Quickly, I asked Bennington what knew about this device—what she had not yet revealed to us. She showed me a memory of a droplet of blood dissolving into a vial, half-full with a strange green ichor. The green turned to transparent water when the red cloud had expanded inside the vial.

“Edmund Rexley was a healer,” she silently said to me. “He had discovered a panacea.”

“And the device?”

“Quite the opposite,” came the sad thought, in reply.

Bennington and MacTallan watched as the great machine was brought up, and another body was brought into the circle, conveyed on the shoulders of another team of wererats.

It was me.

“Let us show you what your contraption can do!”

With the flip of a switch, the machine thundered to life, filling the cavern with a whine and a methodical thump. It was the unmistakable sound of heavy pistons of iron pushing against the inside of a steam engine.

Squealing, a rat-man lunged toward us, took MacTallan by the hair, and pushed him down next to my sleeping body.

Taking the rod out from its holster on the side of the engine, we could now plainly see that the Device had at one time been a rudimentary medical instrument, one part early syringe-and-plunger, one part catheter, and one part container, all made of a fine glass. At the bottom of the portion that formed the base of the container chamber there was a copper pipe. This pipe extended out to an attachment that held in place a single glass tube with a rounded bottom.

Tollard stepped forward, the black hose trailing behind him.

“Doctor, this was your design. You should do the honors,” Tollard hissed.

I searched her emotions. Bennington felt outrage, horror, and defeat—but not the sting of guilt. She resigned to follow his commands in powerless humiliation, but she would not punish herself for a sin she did not commit, as shocking as her hideous captor could make it.

“Not mine—”

“BUT YOUR PRECIOUS SOCIETY’S!” came the booming accusation.

It was clear to me that Tollard—if this figure was even Tollard anymore—had found an unexpected moment of triumph in our capture, like a boon had finally descended to him from the same cruel heavens that had long cursed him. In this moment, he had decided to pour out his rage and pain, displaying it to his commanded legions with all of the sickly sanctimony of a tyrant.

My mind leapt to Robards for a moment.

That caused Bennington to recall Elizabeth College. Her long years of work. The vials—

As the rat-men beside him pulled a rope, our wooden cage lifted into the air, exposing her—us—to the imposing shape of Tollard looming over us, death-wand in hand as it pumped something through the hose, which dripped a green ichor onto the gray rough-hewn cavern stone.

“You see, when my boys found you, we thought we were out of luck,” Tollard wheezed, the words finding a whistle around his elongated front teeth. “But then you brought us a marvelous gift.”

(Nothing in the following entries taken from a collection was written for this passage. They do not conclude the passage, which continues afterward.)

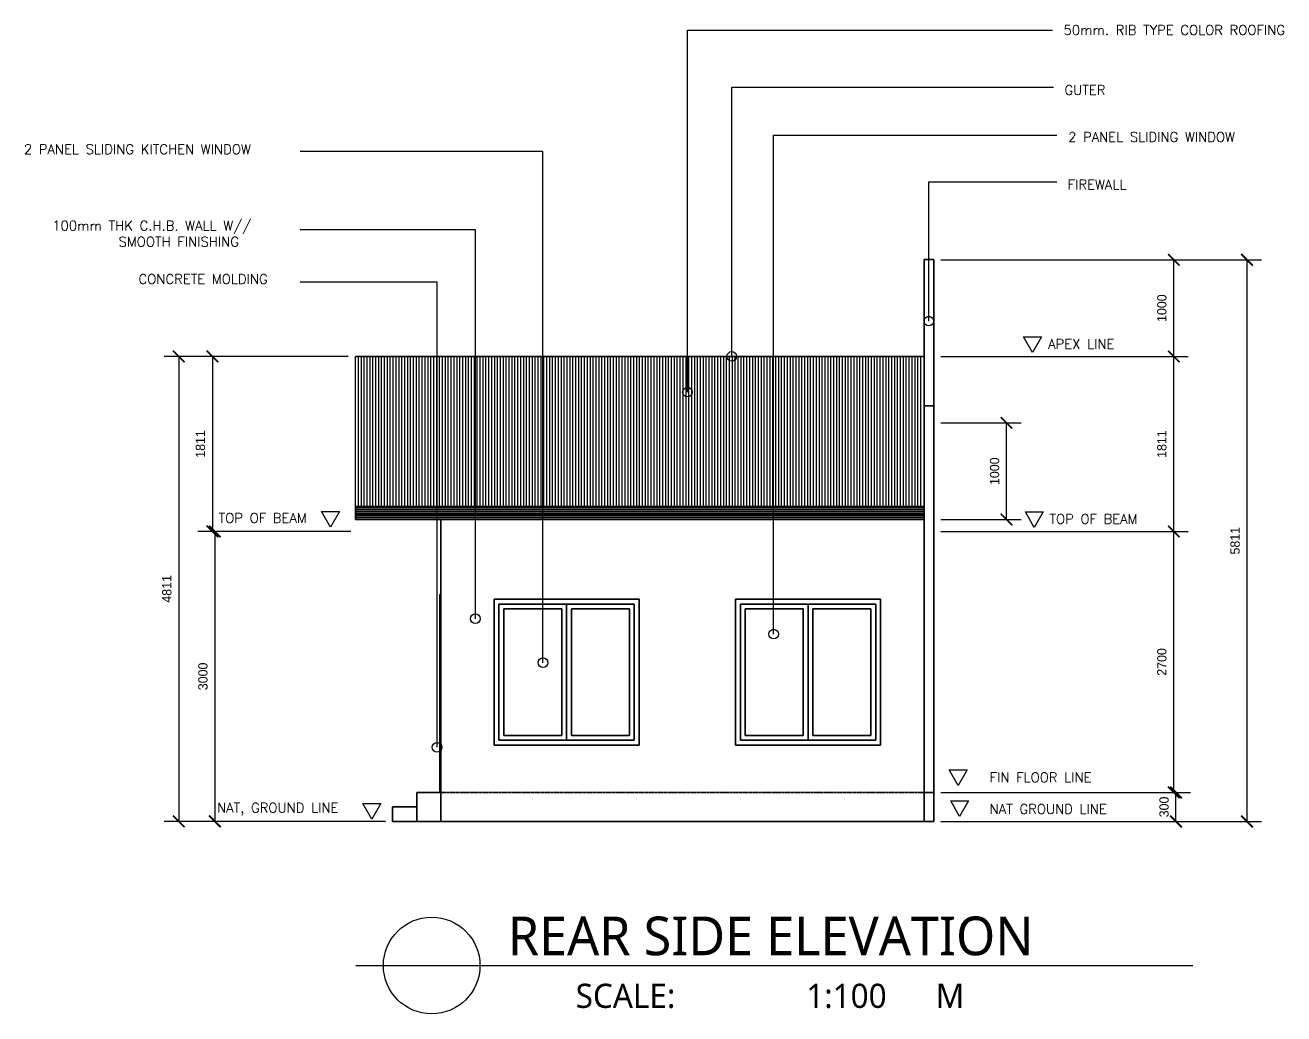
# Model space of a CAD drawing. Header units: millimetres. Extents: x 18078 to 182092, y 10648 to 75430.
# Drawn here: x 78278 to 91304, y 12540 to 22770 of the extents above; entities that cross this region are included whole.
import ezdxf

# ---------------------------------------------------------------- set-up
doc = ezdxf.new("R2010")
doc.units = ezdxf.units.MM
doc.linetypes.add('HIDDEN2', pattern=[4.7625, 3.175, -1.5875])
doc.layers.get('Defpoints').update_dxf_attribs({"color": 140})
doc.layers.add('G-Anno-Stnd-Scrn', color=8, linetype='Continuous', lineweight=25)
doc.styles.add('Annotative', font='romans.shx')
doc.dimstyles.new('DIM1', dxfattribs={"dimscale": 120, "dimtxt": 0.8, "dimasz": 1, "dimexe": 1.25, "dimexo": 0.625, "dimtad": 1, "dimdec": 0, "dimtxsty": 'Standard', "dimblk": 'ARCHTICK', "dimcen": 0.09, "dimadec": 0, "dimazin": 0, "dimtfac": 1, "dimtdec": 0, "dimtmove": 0, "dimatfit": 3, "dimfxl": 1, "dimarcsym": 0})

# ---------------------------------------------------------------- blocks, each defined once
blk = doc.blocks.new('_ArchTick')
at = {"color": 0, "linetype": 'ByBlock', "const_width": 0.15}
blk.add_lwpolyline([(-0.5, -0.5), (0.5, 0.5)], dxfattribs=at)
blk = doc.blocks.new('*D118')
at = {"color": 0, "lineweight": -2, "transparency": 16777216}
for p, q in [((81622, 19343), (79717, 19343)), ((79867, 19343), (79867, 14532)), ((82006, 14532), (79717, 14532))]:
    blk.add_line(p, q, dxfattribs=at)
at = {"layer": 'Defpoints', "color": 0, "transparency": 16777216}
for p in [(81697, 19343), (79867, 14532), (82081, 14532)]:
    blk.add_point(p, dxfattribs=at)
at = {"color": 0, "lineweight": -2, "transparency": 16777216, "xscale": 120, "yscale": 120, "zscale": 120}
for p, rotation in [((79867, 19343), 90), ((79867, 14532), 270)]:
    blk.add_blockref('_ArchTick', p, dxfattribs=dict(at, rotation=rotation))
at = {"color": 0, "transparency": 16777216, "insert": (79744, 16937), "char_height": 96, "attachment_point": 5, "rotation": 90}
blk.add_mtext('4811', dxfattribs=at)
blk = doc.blocks.new('*D119')
at = {"color": 0, "lineweight": -2, "transparency": 16777216}
for p, q in [((81622, 19343), (80065, 19343)), ((80215, 19343), (80215, 17532)), ((81649, 17532), (80065, 17532))]:
    blk.add_line(p, q, dxfattribs=at)
at = {"layer": 'Defpoints', "color": 0, "transparency": 16777216}
for p in [(81697, 19343), (80215, 17532), (81724, 17532)]:
    blk.add_point(p, dxfattribs=at)
at = {"color": 0, "lineweight": -2, "transparency": 16777216, "xscale": 120, "yscale": 120, "zscale": 120}
for p, rotation in [((80215, 19343), 90), ((80215, 17532), 270)]:
    blk.add_blockref('_ArchTick', p, dxfattribs=dict(at, rotation=rotation))
at = {"color": 0, "transparency": 16777216, "insert": (80092, 18437), "char_height": 96, "attachment_point": 5, "rotation": 90}
blk.add_mtext('1811', dxfattribs=at)
blk = doc.blocks.new('*D120')
at = {"color": 0, "lineweight": -2, "transparency": 16777216}
for p, q in [((81619, 17532), (80091, 17532)), ((80241, 17532), (80241, 14532)), ((81619, 14532), (80091, 14532))]:
    blk.add_line(p, q, dxfattribs=at)
at = {"layer": 'Defpoints', "color": 0, "transparency": 16777216}
for p in [(81694, 17532), (80241, 14532), (81694, 14532)]:
    blk.add_point(p, dxfattribs=at)
at = {"color": 0, "lineweight": -2, "transparency": 16777216, "xscale": 120, "yscale": 120, "zscale": 120}
for p, rotation in [((80241, 17532), 90), ((80241, 14532), 270)]:
    blk.add_blockref('_ArchTick', p, dxfattribs=dict(at, rotation=rotation))
at = {"color": 0, "transparency": 16777216, "insert": (80118, 16032), "char_height": 96, "attachment_point": 5, "rotation": 90}
blk.add_mtext('3000', dxfattribs=at)
blk = doc.blocks.new('*D121')
at = {"color": 0, "lineweight": -2, "transparency": 16777216}
for p, q in [((87756, 18655), (88584, 18655)), ((88434, 17655), (88434, 18655)), ((87756, 17655), (88584, 17655))]:
    blk.add_line(p, q, dxfattribs=at)
at = {"layer": 'Defpoints', "color": 0, "transparency": 16777216}
for p in [(87681, 18655), (88434, 18655), (87681, 17655)]:
    blk.add_point(p, dxfattribs=at)
at = {"color": 0, "lineweight": -2, "transparency": 16777216, "xscale": 120, "yscale": 120, "zscale": 120}
for p, rotation in [((88434, 18655), 90), ((88434, 17655), 270)]:
    blk.add_blockref('_ArchTick', p, dxfattribs=dict(at, rotation=rotation))
at = {"color": 0, "transparency": 16777216, "insert": (88311, 18155), "char_height": 96, "attachment_point": 5, "rotation": 90}
blk.add_mtext('1000', dxfattribs=at)
blk = doc.blocks.new('*D122')
at = {"color": 0, "lineweight": -2, "transparency": 16777216}
for p, q in [((87756, 20342), (91073, 20342)), ((90923, 14531), (90923, 20342)), ((87756, 14531), (91073, 14531))]:
    blk.add_line(p, q, dxfattribs=at)
at = {"layer": 'Defpoints', "color": 0, "transparency": 16777216}
for p in [(87681, 20342), (90923, 20342), (87681, 14531)]:
    blk.add_point(p, dxfattribs=at)
at = {"color": 0, "lineweight": -2, "transparency": 16777216, "xscale": 120, "yscale": 120, "zscale": 120}
for p, rotation in [((90923, 20342), 90), ((90923, 14531), 270)]:
    blk.add_blockref('_ArchTick', p, dxfattribs=dict(at, rotation=rotation))
at = {"color": 0, "transparency": 16777216, "insert": (90800, 17436), "char_height": 96, "attachment_point": 5, "rotation": 90}
blk.add_mtext('5811', dxfattribs=at)
blk = doc.blocks.new('*D123')
at = {"color": 0, "lineweight": -2, "transparency": 16777216}
for p, q in [((87756, 14831), (90338, 14831)), ((90188, 14531), (90188, 14831)), ((87756, 14531), (90338, 14531))]:
    blk.add_line(p, q, dxfattribs=at)
at = {"layer": 'Defpoints', "color": 0, "transparency": 16777216}
for p in [(87681, 14831), (90188, 14831), (87681, 14531)]:
    blk.add_point(p, dxfattribs=at)
at = {"color": 0, "lineweight": -2, "transparency": 16777216, "xscale": 120, "yscale": 120, "zscale": 120}
for p, rotation in [((90188, 14831), 90), ((90188, 14531), 270)]:
    blk.add_blockref('_ArchTick', p, dxfattribs=dict(at, rotation=rotation))
at = {"color": 0, "transparency": 16777216, "insert": (90065, 14681), "char_height": 96, "attachment_point": 5, "rotation": 90}
blk.add_mtext('300', dxfattribs=at)
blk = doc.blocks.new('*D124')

As if acting as the debased celebrant of a profane ceremony, Tollard held aloft the rifle-like rod to his loyal crowd, using his clawed hand to display it high. With his human hand he twisted the empty glass vial in its socket, dislodging it and casting it to the ground in one fluid motion.

“Bring out the blood,” he called.

From the crowd a pair of wererats stepped forward and produced our equipment, wholesale, as it had apparently been taken along with our unconscious bodies. With a booted foot upon MacTallan’s trunk, Tollard stretched out his hand, and in it, a lieutenant placed one of the vials you sent.

The vial fit the socket perfectly, turning into place with a perfect click.

Upon seeing this I suddenly felt a wave of calm interest flow through Bennington, washing over her like a wind. Something inside her seemed to engage, and I sensed something like a mechanism of thought coming to life. It was her scientific mind, taking hold over her, pushing out the fear.

“What is in that blood?” I asked her, with silent words.

“I don’t think it is what he thinks it is,” she replied.

“YOUR APPARATUS IS READY, DOCTOR!” Tollard abruptly screamed, laughing maniacally at the same time, his eyes blazing, not at her but across his crowds.

Bennington shuffled forward and he pushed the device into her hands.

It was lighter than it seemed; the glass of the original device seemed elegant, benign, almost sacred. The end of it had been cruelly retrofitted with a heavy iron ring, copper piping, and round valve, which joined the long hose extending from the remainder of the machine. A metal trigger device had replaced the original stopper at the top of the plunger.

It was then when I made a suggestion to Bennington. She smiled imperceptibly and agreed.

She stood, in mock defeat, over my unconscious body and the cowering form of MacTallan. He looked up at her—and at once understood. With as much movement as he could muster, he put space between himself and me.

The gray mist that emanated from the device seemed a mixture of the red liquid in the vial and the green ichor that Bennington had showed me in her mind’s eye a few minutes beforehand. The device allowed the solution to atomize and then billow out toward a target, in this case MacTallan. The mist settled quickly upon him and stuck to his exposed skin and clothing, soaking in rapidly, as if he were a sponge.

Nothing happened.

MacTallan smiled at Bennington. “Now.”

Bennington turned and pushed the trigger again, this time aiming squarely for Tollard, who had the wherewithal to take a step back, but not the presence of mind to flee completely. The mist captured him, taking him fully within its boundaries, and magnetizing itself to his form.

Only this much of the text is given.